With a legal career spanning several decades, former Deputy Justice Dikgang Moseneke painted a picture of the country's legal and political landscape pre- and post-1994 during a webinar session hosted by the Faculty of Law on 7 October 2020. The webinar discussed his new book, All Rise: A Judicial Memoir. The event attracted staff, students, and members of the public who were keen to hear Moseneke – a member of the team that drafted the country’s interim constitution. 

This is his second book, covering his years on the bench, with particular focus on his 15-year term as a judge in South Africa's Constitutional Court, where he rose to the position of Deputy Chief Justice.

Justice Moseneke said his book talks about the political and legal revolution that took place in 1994 when the country moved from a common law jurisdiction to a constitutional jurisdiction. 

"When the constitution came, it made many remarkable changes, and the first of those was to superimpose the constitution on the law that existed at the time.

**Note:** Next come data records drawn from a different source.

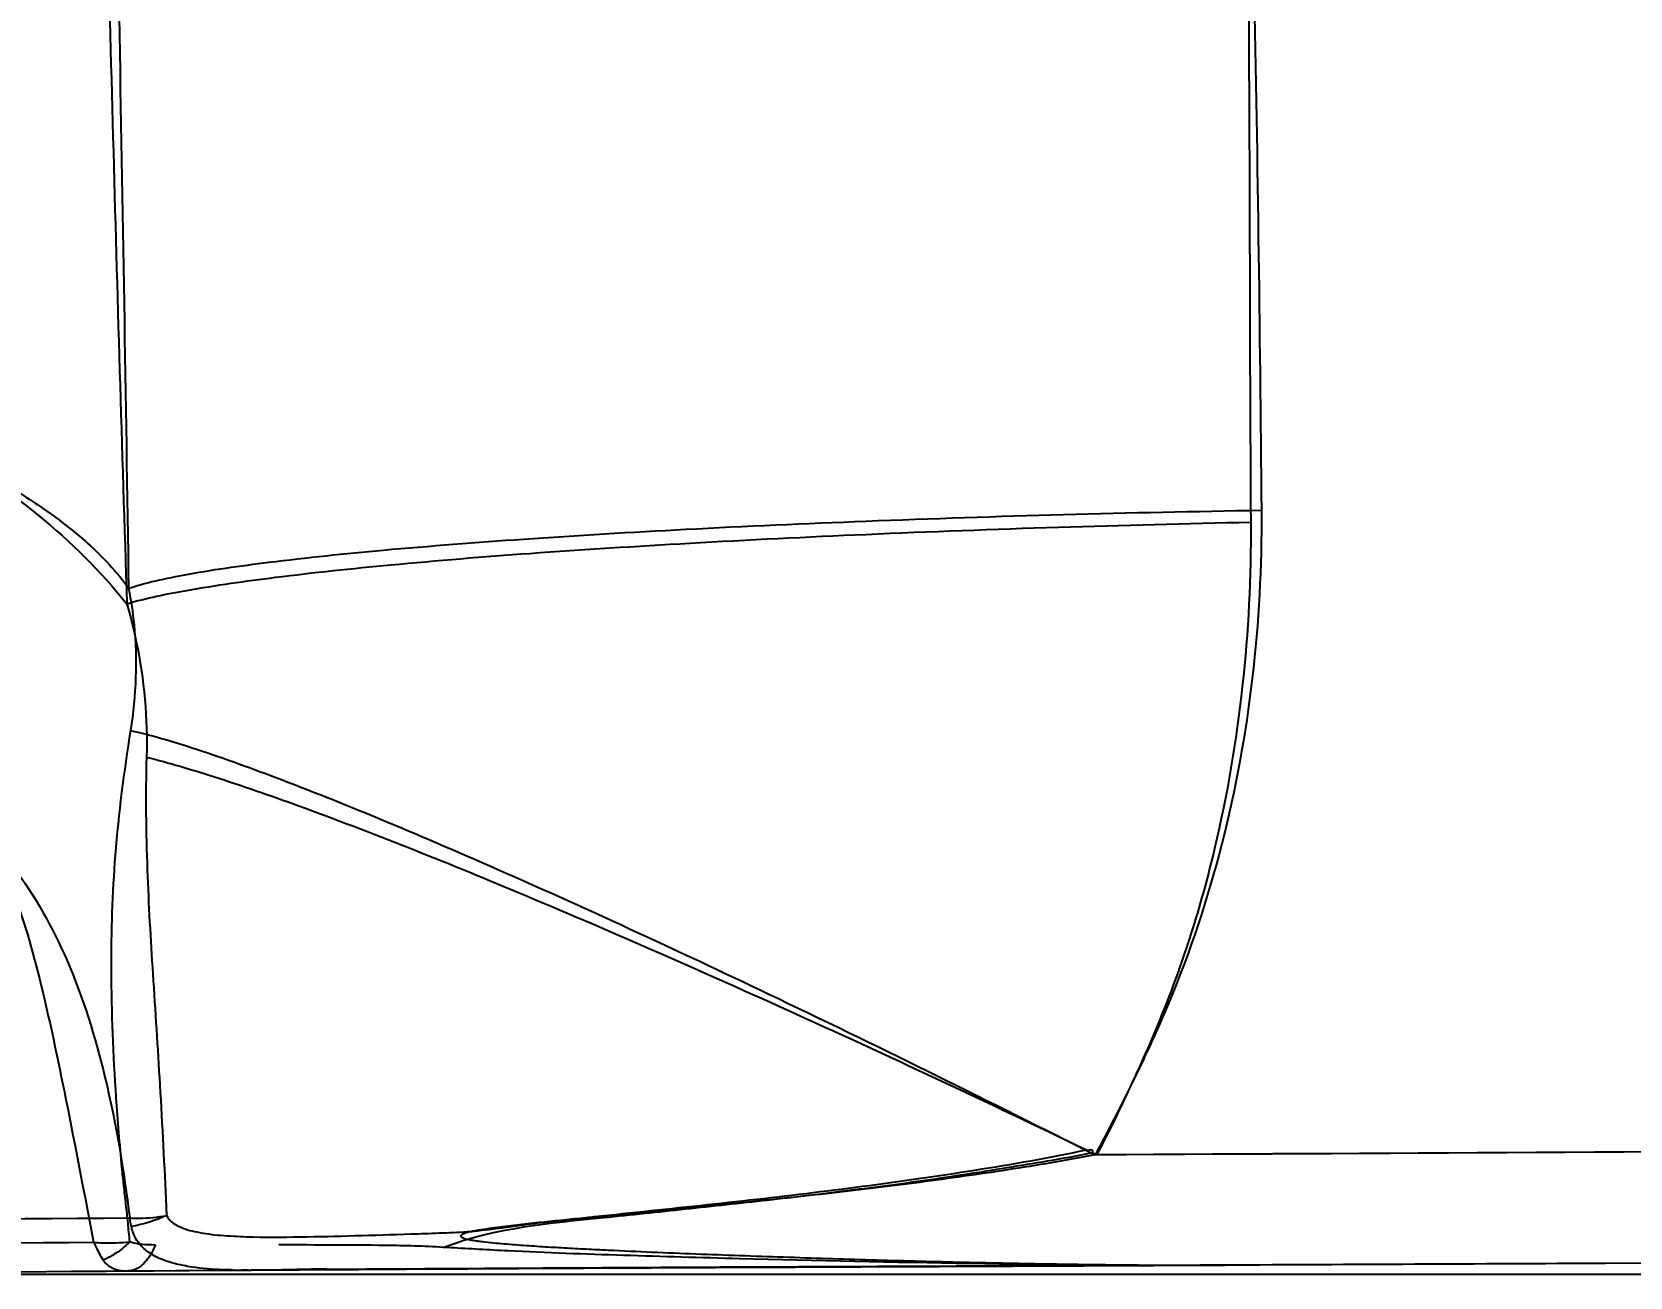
# Model space of a CAD drawing. Header units: millimetres. Extents: x 3553 to 4035, y 25961 to 26175.
# Drawn here: x 3936.48 to 3961.51, y 26043.19 to 26062.69 of the extents above; entities that cross this region are included whole.
import ezdxf

# ---------------------------------------------------------------- set-up
doc = ezdxf.new("R2010")
doc.units = ezdxf.units.MM
doc.styles.get("Standard").update_dxf_attribs({"font": ''})
doc.styles.get('Standard').set_extended_font_data('SimSun')
doc.dimstyles.new('副本 ISO-25-2bei', dxfattribs={"dimscale": 1.7, "dimtxt": 5, "dimasz": 5, "dimexe": 0.5, "dimexo": 0.625, "dimgap": 2, "dimtad": 1, "dimlfac": 0.0393, "dimdsep": 46, "dimtxsty": 'Standard', "dimcen": 2.5, "dimclrd": 1, "dimclre": 1, "dimclrt": 3, "dimadec": 0, "dimazin": 0, "dimtfac": 1, "dimtmove": 0, "dimatfit": 3, "dimfxl": 0, "dimarcsym": 0})

# ---------------------------------------------------------------- blocks, each defined once
blk = doc.blocks.new('*D2')
at = {"color": 1, "lineweight": -2, "transparency": 16777216}
for p, q in [((3915.103, 26139.855), (4032.404, 26139.855)), ((4031.554, 26131.355), (4031.554, 26051.739)), ((3932.263, 26043.239), (4032.404, 26043.239))]:
    blk.add_line(p, q, dxfattribs=at)
at = {"color": 1, "transparency": 16777216}
for points in [[(4030.138, 26131.355), (4032.971, 26131.355), (4031.554, 26139.855)], [(4030.138, 26051.739), (4032.971, 26051.739), (4031.554, 26043.239)]]:
    blk.add_solid(points, dxfattribs=at)
at = {"layer": 'Defpoints', "color": 0, "transparency": 16777216}
for p in [(3914.04, 26139.855), (3931.201, 26043.239), (4031.554, 26043.239)]:
    blk.add_point(p, dxfattribs=at)
at = {"color": 3, "transparency": 16777216, "insert": (4022.204, 26091.547), "char_height": 8.5, "attachment_point": 5, "rotation": 90}
blk.add_mtext('96.6', dxfattribs=at)

msp = doc.modelspace()

# ---------------------------------------------------------------- linework, layer by layer
for points, knots in [([(3955.386, 26072.356), (3955.458, 26069.465), (3955.507, 26066.574), (3955.53, 26063.682), (3955.53, 26063.682), (3955.552, 26060.793), (3955.549, 26057.905), (3955.568, 26055.016)], [0, 0, 0, 0, 0.5, 0.5, 0.5, 0.5, 1, 1, 1, 1]), ([(3955.428, 26072.305), (3955.447, 26070.878), (3955.48, 26069.452), (3955.515, 26068.027), (3955.515, 26068.027), (3955.549, 26066.601), (3955.584, 26065.176), (3955.613, 26063.751), (3955.613, 26063.751), (3955.672, 26060.901), (3955.71, 26058.052), (3955.734, 26055.202)], [0, 0, 0, 0, 0.333333, 0.333333, 0.333333, 0.333333, 0.666667, 0.666667, 0.666667, 0.666667, 1, 1, 1, 1]), ([(3937.673, 26071.834), (3937.721, 26068.864), (3937.787, 26065.893), (3937.842, 26062.923), (3937.842, 26062.923), (3937.898, 26059.942), (3937.946, 26056.961), (3937.992, 26053.98)], [0, 0, 0, 0, 0.5, 0.5, 0.5, 0.5, 1, 1, 1, 1]), ([(3937.577, 26068.338), (3937.621, 26065.906), (3937.68, 26063.476), (3937.747, 26061.046), (3937.747, 26061.046), (3937.813, 26058.609), (3937.885, 26056.172), (3937.966, 26053.736)], [0, 0, 0, 0, 0.5, 0.5, 0.5, 0.5, 1, 1, 1, 1]), ([(3932.849, 26058.63), (3932.954, 26058.496), (3933.06, 26058.364), (3933.173, 26058.237), (3933.173, 26058.237), (3933.268, 26058.129), (3933.366, 26058.025), (3933.463, 26057.919), (3933.463, 26057.919), (3933.553, 26057.82), (3933.641, 26057.719), (3933.721, 26057.612), (3933.721, 26057.612), (3933.763, 26057.556), (3933.802, 26057.498), (3933.842, 26057.44), (3933.842, 26057.44), (3933.888, 26057.373), (3933.937, 26057.307), (3933.986, 26057.242), (3933.986, 26057.242), (3934.13, 26057.058), (3934.295, 26056.892), (3934.469, 26056.735), (3934.469, 26056.735), (3934.74, 26056.491), (3935.031, 26056.27), (3935.325, 26056.056), (3935.325, 26056.056), (3935.521, 26055.914), (3935.717, 26055.775), (3935.912, 26055.632), (3935.912, 26055.632), (3936.137, 26055.468), (3936.358, 26055.3), (3936.575, 26055.124), (3936.575, 26055.124), (3937.083, 26054.709), (3937.558, 26054.249), (3937.966, 26053.736)], [0, 0, 0, 0, 0.1, 0.1, 0.1, 0.1, 0.2, 0.2, 0.2, 0.2, 0.3, 0.3, 0.3, 0.3, 0.4, 0.4, 0.4, 0.4, 0.5, 0.5, 0.5, 0.5, 0.6, 0.6, 0.6, 0.6, 0.7, 0.7, 0.7, 0.7, 0.8, 0.8, 0.8, 0.8, 0.9, 0.9, 0.9, 0.9, 1, 1, 1, 1]), ([(3932.885, 26058.634), (3932.992, 26058.504), (3933.1, 26058.375), (3933.212, 26058.249), (3933.212, 26058.249), (3933.305, 26058.144), (3933.401, 26058.041), (3933.491, 26057.933), (3933.491, 26057.933), (3933.573, 26057.835), (3933.651, 26057.734), (3933.713, 26057.624), (3933.713, 26057.624), (3933.746, 26057.567), (3933.775, 26057.509), (3933.805, 26057.451), (3933.805, 26057.451), (3933.838, 26057.385), (3933.874, 26057.318), (3933.914, 26057.255), (3933.914, 26057.255), (3934.029, 26057.07), (3934.179, 26056.908), (3934.342, 26056.76), (3934.342, 26056.76), (3934.613, 26056.513), (3934.916, 26056.307), (3935.226, 26056.113), (3935.226, 26056.113), (3935.442, 26055.978), (3935.662, 26055.85), (3935.882, 26055.719), (3935.882, 26055.719), (3936.131, 26055.57), (3936.379, 26055.416), (3936.618, 26055.253), (3936.618, 26055.253), (3936.875, 26055.077), (3937.122, 26054.889), (3937.353, 26054.682), (3937.353, 26054.682), (3937.589, 26054.469), (3937.808, 26054.237), (3937.992, 26053.98)], [0, 0, 0, 0, 0.090909, 0.090909, 0.090909, 0.090909, 0.181818, 0.181818, 0.181818, 0.181818, 0.272727, 0.272727, 0.272727, 0.272727, 0.363636, 0.363636, 0.363636, 0.363636, 0.454545, 0.454545, 0.454545, 0.454545, 0.545455, 0.545455, 0.545455, 0.545455, 0.636364, 0.636364, 0.636364, 0.636364, 0.727273, 0.727273, 0.727273, 0.727273, 0.818182, 0.818182, 0.818182, 0.818182, 0.909091, 0.909091, 0.909091, 0.909091, 1, 1, 1, 1]), ([(3937.992, 26053.979), (3938.112, 26054.02), (3938.234, 26054.053), (3938.358, 26054.083), (3938.358, 26054.083), (3938.52, 26054.121), (3938.684, 26054.156), (3938.849, 26054.186), (3938.849, 26054.186), (3939.292, 26054.268), (3939.741, 26054.331), (3940.189, 26054.387), (3940.189, 26054.387), (3940.785, 26054.461), (3941.383, 26054.522), (3941.98, 26054.577), (3941.98, 26054.577), (3942.712, 26054.643), (3943.444, 26054.699), (3944.175, 26054.75), (3944.175, 26054.75), (3945.023, 26054.809), (3945.87, 26054.858), (3946.717, 26054.903), (3946.717, 26054.903), (3947.658, 26054.953), (3948.6, 26054.994), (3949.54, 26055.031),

By making the constitution supreme, the message was clear that everything else would have to fall in line with the values of the constitution, and those values were global values around freedom, democracy, equal worth of people," he said. 

He said his multi-layered book is an account of the country's political and legal transition for young people in South Africa and the rest of the continent. 

An ethical framework for the judicial function

"The first of these is just a historical account. What happened, particularly from 1994 to now. The second thing was to say what kind of transition was necessary from the common law jurisdiction to a constitutional jurisdiction, and what was the tensions that emerged, the competing claims for legitimacy; I make it quite clear that the constitution is the most important source of law that we have set in place since 1994. The third layer is telling tales of how the high courts are working, how magistrates’ courts work, how judges are appointed, how they end their service, what they are permitted to do and not to do, and therefore the ethical framework for the judicial function both at magistracy level and at the level of the high courts."

Justice Moseneke donated copies of the book to the faculty as prizes for academic excellence to senior LLB and LLM students. 

" I hope that having read and studied the themes, many people will accept that it is time for all of our excellent people to rise, to find their voice, to find their entitlement, for instance, to demand accountability, openness, good governance, democratic practice, hard work, honesty, and all those wonderful values which go together with our liberation struggle," he said.